50 Years Ago, a SCOTUS Decision Placed a Moratorium on Executions. It’s Time to Revive it, Permanently

June 28, Rick Halperin, director of the SMD Dallas Human Rights Program, for a piece recalling a brief period 50 years ago when the U.S. was without the death penalty. Published in History News Network under the heading 50 Years Ago, a SCOTUS Decision Placed a Moratorium on Executions. It’s Time to Revive it, Permanently: https://bit.ly/3OOlj4A

Fifty years ago in 1972, as spring faded and summer arrived in late June, America (and the world) was a vastly different place.
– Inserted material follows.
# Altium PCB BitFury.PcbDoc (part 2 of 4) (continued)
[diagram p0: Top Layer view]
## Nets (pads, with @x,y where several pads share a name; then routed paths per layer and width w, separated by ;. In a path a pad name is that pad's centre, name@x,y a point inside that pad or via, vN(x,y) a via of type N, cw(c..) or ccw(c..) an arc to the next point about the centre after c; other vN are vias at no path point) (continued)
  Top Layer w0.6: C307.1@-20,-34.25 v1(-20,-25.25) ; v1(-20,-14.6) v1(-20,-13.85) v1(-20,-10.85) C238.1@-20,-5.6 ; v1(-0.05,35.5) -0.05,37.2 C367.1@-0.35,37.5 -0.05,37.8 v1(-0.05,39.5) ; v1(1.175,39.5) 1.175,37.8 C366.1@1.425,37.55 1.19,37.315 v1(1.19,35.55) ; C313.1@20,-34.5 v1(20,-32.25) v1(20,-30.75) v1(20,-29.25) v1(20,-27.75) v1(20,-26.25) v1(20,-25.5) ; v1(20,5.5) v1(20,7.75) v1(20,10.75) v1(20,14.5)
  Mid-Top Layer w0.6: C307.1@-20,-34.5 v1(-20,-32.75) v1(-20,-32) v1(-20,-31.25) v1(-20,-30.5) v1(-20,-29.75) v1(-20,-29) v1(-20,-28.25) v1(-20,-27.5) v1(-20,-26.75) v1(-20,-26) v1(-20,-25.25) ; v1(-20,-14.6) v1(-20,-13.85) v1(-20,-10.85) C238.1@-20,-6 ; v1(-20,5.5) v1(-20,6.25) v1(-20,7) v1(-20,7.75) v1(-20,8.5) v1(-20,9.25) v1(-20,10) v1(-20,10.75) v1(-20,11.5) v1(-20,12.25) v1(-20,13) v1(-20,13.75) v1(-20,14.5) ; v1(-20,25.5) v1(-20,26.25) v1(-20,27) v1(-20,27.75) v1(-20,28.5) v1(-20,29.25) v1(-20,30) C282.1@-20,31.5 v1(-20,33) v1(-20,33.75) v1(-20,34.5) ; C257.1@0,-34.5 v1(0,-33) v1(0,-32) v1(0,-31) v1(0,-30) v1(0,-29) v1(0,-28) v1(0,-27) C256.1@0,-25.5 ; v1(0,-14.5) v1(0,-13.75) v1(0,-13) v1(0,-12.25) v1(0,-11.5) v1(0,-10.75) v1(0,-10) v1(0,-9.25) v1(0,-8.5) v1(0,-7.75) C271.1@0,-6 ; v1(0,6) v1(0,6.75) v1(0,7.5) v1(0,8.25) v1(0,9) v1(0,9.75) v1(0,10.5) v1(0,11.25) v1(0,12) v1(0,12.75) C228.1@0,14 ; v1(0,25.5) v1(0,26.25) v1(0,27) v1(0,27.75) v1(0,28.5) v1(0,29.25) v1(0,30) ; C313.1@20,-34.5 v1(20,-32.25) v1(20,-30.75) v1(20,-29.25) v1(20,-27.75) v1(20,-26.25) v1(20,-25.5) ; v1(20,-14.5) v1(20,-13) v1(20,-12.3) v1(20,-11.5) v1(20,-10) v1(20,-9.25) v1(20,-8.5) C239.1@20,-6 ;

The United States was still entangled in the quagmire of the Vietnam War, and tens, if not hundreds, of thousands of individuals still marched on city streets and on university campuses demanding an end to the bloodshed that would ultimately claim the lives of over 58,000 American soldiers and 3 million Vietnamese.

On May 15, Alabama Governor and presidential candidate George Wallace was shot (and paralyzed) by Arthur Bremer in a parking lot in Laurel, Maryland. Within 2 weeks, there would be two failed break-ins at the Watergate complex in Virginia, a crime that led to the downfall and resignation of President Richard Nixon in August 1974.